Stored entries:

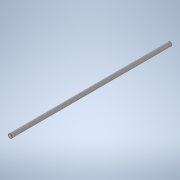
# Autodesk Inventor part: Angle Support
Saved by Autodesk Inventor 2023 (Build 270158000, 158)
## iProperties
Created: 2019-05-30
Part Number: Angle Support
Material: Generic
Document SubType Name: Modeling
Designer: Parker
Density: 1 g/cm^3
Appearance: Default
Author: Parker
Autodesk Inventor part; units mm, degrees
ref_plane "YZ Plane" through (0, 0, 0) normal (1, 0, 0) x (0, 1, 0)
ref_plane "XZ Plane" through (0, 0, 0) normal (0, 1, 0) x (-1, 0, 0)
ref_plane "XY Plane" through (0, 0, 0) normal (0, 0, 1) x (1, 0, 0)
sketch "Sketch1" plane through (0, 0, 0) normal (0, 0, 1) x (1, 0, 0)
  circle A0 centre (0, 0) radius 5
  dimension "d0" = 10
  constraints: 1 centre point, 1 coincident
  measures "d0" diameter of A0
extrude "Extrusion1" add sketch "Sketch1" along normal blind 390
thread "Thread1" size "M10x1.5" class "6g" standard "ANSI Metric M Profile" full length
chamfer "Chamfer1" distance 0.5 angle 45 2 edges at (-5, 0, 390) (-5, 0, 0)
body "Solid1"
Autodesk Fusion 360 part; units mm, degrees
(part 2 of 2)
sketch "Sketch6" plane through (0, 0, 0.5) normal (0, 0, -1) x (1, 0, 0)
  line L0 (106.2459, 65.5638) -> (-30.2459, 65.5638)
  arc A0 (-30.2459, 65.5638) -> (-39.5638, 56.2459) centre (-30.2459, 56.2459) ccw
  line L1 (-39.5638, 56.2459) -> (-39.5638, -30.2459)
  arc A1 (-39.5638, -30.2459) -> (-30.2459, -39.5638) centre (-30.2459, -30.2459) ccw
  line L2 (-30.2459, -39.5638) -> (106.2459, -39.5638)
  arc A2 (106.2459, -39.5638) -> (115.5638, -30.2459) centre (106.2459, -30.2459) ccw
  line L3 (115.5638, -30.2459) -> (115.5638, 56.2459)
  arc A3 (115.5638, 56.2459) -> (106.2459, 65.5638) centre (106.2459, 56.2459) ccw
  line L4 (38, 65.5638) -> (38, -39.5638) construction
  line L5 (-39.5638, 13) -> (115.5638, 13) construction
  line L6 (92, -25.5) -> (-16, -25.5)
  line L7 (-20, -21.5) -> (-20, 47.5)
  line L8 (-16, 51.5) -> (92, 51.5)
  line L9 (96, 47.5) -> (96, -21.5)
  line L10 (96, -25.5) -> (-20, 51.5) construction
  line L11 (-20, -25.5) -> (96, 51.5) construction
  arc A4 (-16, 51.5) -> (-20, 47.5) centre (-16, 47.5) ccw
  arc A5 (96, 47.5) -> (92, 51.5) centre (92, 47.5) ccw
  arc A6 (92, -25.5) -> (96, -21.5) centre (92, -21.5) ccw
  arc A7 (-20, -21.5) -> (-16, -25.5) centre (-16, -21.5) ccw
  point P0 (38, 13)
  dimension "d58" = 116
  dimension "d59" = 77
  dimension "d68" = 4
  dimension "d69" = 4
  dimension "d70" = 4
  dimension "d71" = 4
  constraint midpoint L0 L4.start
  constraint midpoint L2 L4.end
  constraint midpoint L1 L5.start
  constraint midpoint L3 L5.end
  constraint horizontal L6
  constraint perpendicular L6 L7
  constraint parallel L6 L8
  constraint parallel L7 L9
  constraint coincident L10 P0
  constraint coincident L11 P0
  constraint midpoint L5 P0
  constraint coincident L10.end L8
  constraint coincident L10.end L7
  constraint tangent L8 A4
  constraint tangent L7 A4
  constraint coincident L11.end L8
  constraint coincident L11.end L9
  constraint tangent L8 A5
  constraint tangent L9 A5
  constraint coincident L10.start L9
  constraint coincident L10.start L6
  constraint tangent L9 A6
  constraint tangent L6 A6
  constraint coincident L11.start L7
  constraint coincident L11.start L6
  constraint tangent L7 A7
  constraint tangent L6 A7
  measures "d58" distance of L10.end L11.end
  measures "d59" distance of L11.start L10.end
  measures "d68" radius of A4
  measures "d69" radius of A5
  measures "d70" radius of A6
  measures "d71" radius of A7
extrude "Extrude8" cut sketch "Sketch6" against normal blind 1.1 contours L6 L7 L8 L9 A4 A5 A6 A7
sketch "Sketch7" plane through (0, 0, 1.6) normal (0, 0, -1) x (1, 0, 0)
  line L0 (92, 51.5) -> (-16, 51.5)
  line L1 (-20, 47.5) -> (-20, -21.5)
  line L2 (-16, -25.5) -> (92, -25.5)
  line L3 (96, -21.5) -> (96, 47.5)
  line L4 (38, 51.5) -> (38, -25.5) construction
  line L5 (96, 13) -> (-20, 13) construction
  line L6 (87, -20.5) -> (-11, -20.5)
  line L7 (-15, -16.5) -> (-15, 42.5)
  line L8 (-11, 46.5) -> (87, 46.5)
  line L9 (91, 42.5) -> (91, -16.5)
  line L10 (91, -20.5) -> (-15, 46.5) construction
  line L11 (-15, -20.5) -> (91, 46.5) construction
  arc A0 (-16, 51.5) -> (-20, 47.5) centre (-16, 47.5) ccw
  arc A1 (-20, -21.5) -> (-16, -25.5) centre (-16, -21.5) ccw
  arc A2 (92, -25.5) -> (96, -21.5) centre (92, -21.5) ccw
  arc A3 (96, 47.5) -> (92, 51.5) centre (92, 47.5) ccw
  arc A4 (-11, 46.5) -> (-15, 42.5) centre (-11, 42.5) ccw
  arc A5 (91, 42.5) -> (87, 46.5) centre (87, 42.5) ccw
  arc A6 (87, -20.5) -> (91, -16.5) centre (87, -16.5) ccw
  arc A7 (-15, -16.5) -> (-11, -20.5) centre (-11, -16.5) ccw
  point P0 (38, 13)
  dimension "d62" = 106
  dimension "d65" = 67
  dimension "d72" = 4
  dimension "d73" = 4
  dimension "d74" = 4
  dimension "d75" = 4
  constraint midpoint L0 L4.start
  constraint midpoint L2 L4.end
  constraint midpoint L3 L5.start
  constraint midpoint L1 L5.end
  constraint horizontal L6
  constraint perpendicular L6 L7
  constraint parallel L6 L8
  constraint parallel L7 L9
  constraint coincident L10 P0
  constraint coincident L11 P0
  constraint midpoint L4 P0
  constraint coincident L10.end L8
  constraint coincident L10.end L7
  constraint tangent L8 A4
  constraint tangent L7 A4
  constraint coincident L11.end L9
  constraint coincident L11.end L8
  constraint tangent L9 A5
  constraint tangent L8 A5
  constraint coincident L10.start L9
  constraint coincident L10.start L6
  constraint tangent L9 A6
  constraint tangent L6 A6
  constraint coincident L11.start L6
  constraint coincident L11.start L7
  constraint tangent L6 A7
  constraint tangent L7 A7
  measures "d62" distance of L10.end L11.end
  measures "d65" distance of L11.start L10.end
  measures "d72" radius of A4
  measures "d73" radius of A5
  measures "d74" radius of A6
  measures "d75" radius of A7
extrude "Extrude9" cut sketch "Sketch7" against normal blind 8.4 contours L6 L7 L8 L9 A4 A5 A6 A7
sketch "Sketch9" plane through (0, 0, 6) normal (0, 0, 1) x (-1, 0, 0)
  line L0 (15, 42.5) -> (15, -16.5)
  arc A0 (11, -20.5) -> (15, -16.5) centre (11, -16.5) ccw
  line L1 (11, -20.5) -> (-87, -20.5)
  arc A1 (-91, -16.5) -> (-87, -20.5) centre (-87, -16.5) ccw
  line L2 (-91, -16.5) -> (-91, 42.5)
  arc A2 (-87, 46.5) -> (-91, 42.5) centre (-87, 42.5) ccw
  line L3 (-87, 46.5) -> (11, 46.5)
  arc A3 (15, 42.5) -> (11, 46.5) centre (11, 42.5) ccw
  circle A4 centre (-121, 71) radius 2
  circle A5 centre (-121, -45) radius 2
  circle A6 centre (45, 71) radius 2
  circle A7 centre (45, -45) radius 2
  arc A8 (48, -52) -> (52, -48) centre (48, -48) ccw
  line L4 (52, -48) -> (52, 74)
  arc A9 (52, 74) -> (48, 78) centre (48, 74) ccw
  line L5 (48, 78) -> (-124, 78)
  arc A10 (-124, 78) -> (-128, 74) centre (-124, 74) ccw
  line L6 (-128, 74) -> (-128, -48)
  arc A11 (-128, -48) -> (-124, -52) centre (-124, -48) ccw
  line L7 (-124, -52) -> (48, -52)
  line L8 (45, -47) -> (45, -43) construction
  line L9 (43, -45) -> (47, -45) construction
  circle A12 centre (45, -45) radius 4.11
  line L10 (-38, -52) -> (-38, 78) construction
  line L11 (-128, 13) -> (52, 13) construction
  circle A13 centre (-121, -45) radius 4.11
  circle A14 centre (45, 71) radius 4.11
  circle A15 centre (-121, 71) radius 4.11
  dimension "d91" = 8.22
  constraint coincident A7 L8.start
  constraint coincident A7 L8.end
  constraint vertical L8
  constraint coincident A7 L9.start
  constraint coincident A7 L9.end
  constraint perpendicular L8 L9
  constraint concentric A7 A12
  constraint midpoint L7 L10.start
  constraint midpoint L5 L10.end
  constraint midpoint L6 L11.start
  constraint midpoint L4 L11.end
  constraint symmetric A12 L10 A13
  constraint symmetric A12 L11 A14
  constraint symmetric L11 A13 A15
  measures "d91" diameter of A12
extrude "Extrude11" cut sketch "Sketch9" against normal blind 4 contours A12 | A13 | A14 | A15
sketch "Sketch10" plane through (0, 0, 0.5) normal (0, 0, -1) x (1, 0, 0)
  line L0 (-20, -21.5) -> (-20, 47.5)
  arc A0 (-16, 51.5) -> (-20, 47.5) centre (-16, 47.5) ccw
  line L1 (-16, 51.5) -> (92, 51.5)
  arc A1 (96, 47.5) -> (92, 51.5) centre (92, 47.5) ccw
  line L2 (96, 47.5) -> (96, -21.5)
  arc A2 (92, -25.5) -> (96, -21.5) centre (92, -21.5) ccw
  line L3 (92, -25.5) -> (-16, -25.5)
  arc A3 (-20, -21.5) -> (-16, -25.5) centre (-16, -21.5) ccw
  line L4 (106.2459, 65.5638) -> (-30.2459, 65.5638)
  arc A4 (-30.2459, 65.5638) -> (-39.5638, 56.2459) centre (-30.2459, 56.2459) ccw
  line L5 (-39.5638, 56.2459) -> (-39.5638, -30.2459)
  arc A5 (-39.5638, -30.2459) -> (-30.2459, -39.5638) centre (-30.2459, -30.2459) ccw
  line L6 (-30.2459, -39.5638) -> (106.2459, -39.5638)
  arc A6 (106.2459, -39.5638) -> (115.5638, -30.2459) centre (106.2459, -30.2459) ccw
  line L7 (115.5638, -30.2459) -> (115.5638, 56.2459)
  arc A7 (115.5638, 56.2459) -> (106.2459, 65.5638) centre (106.2459, 56.2459) ccw
  line L8 (38, 65.5638) -> (38, -39.5638) construction
  line L9 (115.5638, 13) -> (-39.5638, 13) construction
  line L10 (38, 13) -> (-24.24, 13) construction
  line L11 (-23.09, 11) -> (-25.39, 11)
  line L12 (-25.39, 11) -> (-25.39, 15)
  line L13 (-25.39, 15) -> (-23.09, 15)
  line L14 (-23.09, 15) -> (-23.09, 11)
  line L15 (-23.09, 11) -> (-25.39, 15) construction
  line L16 (-25.39, 11) -> (-23.09, 15) construction
  line L17 (38, 13) -> (38, 54) construction
  line L18 (40, 52.85) -> (36, 52.85)
  line L19 (36, 52.85) -> (36, 55.15)
  line L20 (36, 55.15) -> (40, 55.15)
  line L21 (40, 55.15) -> (40, 52.85)
  line L22 (40, 52.85) -> (36, 55.15) construction
  line L23 (36, 52.85) -> (40, 55.15) construction
  line L24 (99.09, 15) -> (99.09, 11)
  line L25 (101.39, 15) -> (99.09, 15)
  line L26 (101.39, 11) -> (101.39, 15)
  line L27 (99.09, 11) -> (101.39, 11)
  line L28 (40, -26.85) -> (36, -26.85)
  line L29 (40, -29.15) -> (40, -26.85)
  line L30 (36, -29.15) -> (40, -29.15)
  line L31 (36, -26.85) -> (36, -29.15)
  point P0 (-24.24, 13)
  point P1 (38, 54)
  dimension "d97" = 62.24
  dimension "d98" = 2.3
  dimension "d99" = 4
  dimension "d100" = 41
  dimension "d101" = 2.3
  dimension "d102" = 4
  constraint midpoint L4 L8.start
  constraint midpoint L6 L8.end
  constraint midpoint L7 L9.start
  constraint midpoint L5 L9.end
  constraint midpoint L9 L10.start
  constraint perpendicular L8 L10
  constraint horizontal L11
  constraint perpendicular L11 L12
  constraint parallel L11 L13
  constraint parallel L12 L14
  constraint coincident L15 P0
  constraint coincident L16 P0
  constraint coincident P0 L10.end
  constraint perpendicular L9 L17
  constraint horizontal L18
  constraint perpendicular L18 L19
  constraint parallel L18 L20
  constraint parallel L19 L21
  constraint coincident L22 P1
  constraint coincident L23 P1
  constraint coincident P1 L17.end
  constraint symmetric L8 L11.start L24.end
  constraint symmetric L8 L11.end L26.start
  constraint symmetric L8 L12.end L25.start
  constraint symmetric L8 L13.end L24.start
  constraint symmetric L9 L18.start L28.start
  constraint symmetric L9 L18.end L28.end
  constraint symmetric L9 L19.end L30.start
  constraint symmetric L9 L20.end L29.start
  measures "d97" distance of L10.start P0
  measures "d98" distance of L12.end L13.end
  measures "d99" distance of L11.end L12.end
  measures "d100" distance of L10.start P1
  measures "d101" distance of L18.start L20.end
  measures "d102" distance of L19.end L20.end
extrude "Extrude12" add sketch "Sketch10" along normal blind 4.2 contours L11 L12 L13 L14 | L18 L19 L20 L21 | L24 L25 L26 L27 | L28 L29 L30 L31
chamfer "Chamfer1" distance 0.5 angle 45 4 edges at (-41.1681, 43.5138, 6) (124.8319, 43.5138, 6) (124.8319, -72.4862, 6) (-41.1681, -72.4862, 6)
equation "d3 = Bolt_Diam"
equation "ORingDiameter = 1.78 mm" comment "Diamter of the O ring"
equation "ORingInnerDiameter = 170 mm" comment "Inner diamter of the o ring bore"
equation "d25 = ( ORingPerimeter - 100 mm ) / 4 + 50 mm"
equation "ORingPerimeter = 2 * 3.1412 * ( ( ORingInnerDiameter / 2 ) + ORingDiameter / 2 )"
equation "d27 = ( ORingPerimeter - 100 mm ) / 4"
equation "d28 = ( ( ORingDiameter * 1.05 ) / 2 ) + 1.2 mm"
equation "d29 = ( ( ORingDiameter * 1.05 ) / 2 ) + 1.2 mm"
equation "d30 = ( ( ORingDiameter * 1.05 ) / 2 ) + 1.2 mm"
equation "d31 = ( ( ORingDiameter * 1.05 ) / 2 ) + 1.2 mm"
equation "d32 = ORingDiameter * 0.8"
equation "d36 = ( ORingPerimeter - 100 mm ) / 4 + 50 mm"
equation "d37 = ( ORingPerimeter - 100 mm ) / 4"
equation "d38 = ( ORingDiameter * 1.05 ) / 2"
equation "d39 = ( ORingDiameter * 1.05 ) / 2"
equation "d40 = ( ORingDiameter * 1.05 ) / 2"
equation "d41 = ( ORingDiameter * 1.05 ) / 2"
equation "d44 = ( ORingDiameter ) * 6 + ORingDiameter * 0.05 - 1.2 mm"
equation "d45 = ( ORingDiameter ) * 6 + ( ORingDiameter * 1.1 ) + 1.2 mm"
equation "d50 = ( ORingDiameter ) * 6 + ORingDiameter * 0.05 - 0.0 mm"
equation "d51 = ( ORingDiameter ) * 6 + ORingDiameter * 1.1 + 0 mm"
equation "d52 = -( ORingDiameter * 0.8 )"
equation "PanelWidth = 77 mm"
equation "PanelLength = 116 mm"
equation "d58 = PanelLength"
equation "d59 = PanelWidth"
equation "d62 = PanelLength - 10 mm"
equation "d65 = PanelWidth - 10 mm"
equation "d91 = Bolt_Head_Diam + 1 mm"
equation "Bolt_Diam = 4 mm" comment "Diameter of the bolt"
equation "Bolt_Head_Height = 4 mm" comment "Height of th ebolt head"
equation "Bolt_Head_Diam = 7.22 mm" comment "Diamter of the bolt head"
equation "d95 = -Bolt_Head_Height"

▶ **Task prompt**
Nothing but an exact copy belongs in the answer: the lines from the top of the records through the line containing "normal blind 390", minus the pictures.

▶ **Result of the exercise**
# Autodesk Inventor part: Angle Support
Saved by Autodesk Inventor 2023 (Build 270158000, 158)
## iProperties
Created: 2019-05-30
Part Number: Angle Support
Material: Generic
Document SubType Name: Modeling
Designer: Parker
Density: 1 g/cm^3
Appearance: Default
Author: Parker
Autodesk Inventor part; units mm, degrees
ref_plane "YZ Plane" through (0, 0, 0) normal (1, 0, 0) x (0, 1, 0)
ref_plane "XZ Plane" through (0, 0, 0) normal (0, 1, 0) x (-1, 0, 0)
ref_plane "XY Plane" through (0, 0, 0) normal (0, 0, 1) x (1, 0, 0)
sketch "Sketch1" plane through (0, 0, 0) normal (0, 0, 1) x (1, 0, 0)
  circle A0 centre (0, 0) radius 5
  dimension "d0" = 10
  constraints: 1 centre point, 1 coincident
  measures "d0" diameter of A0
extrude "Extrusion1" add sketch "Sketch1" along normal blind 390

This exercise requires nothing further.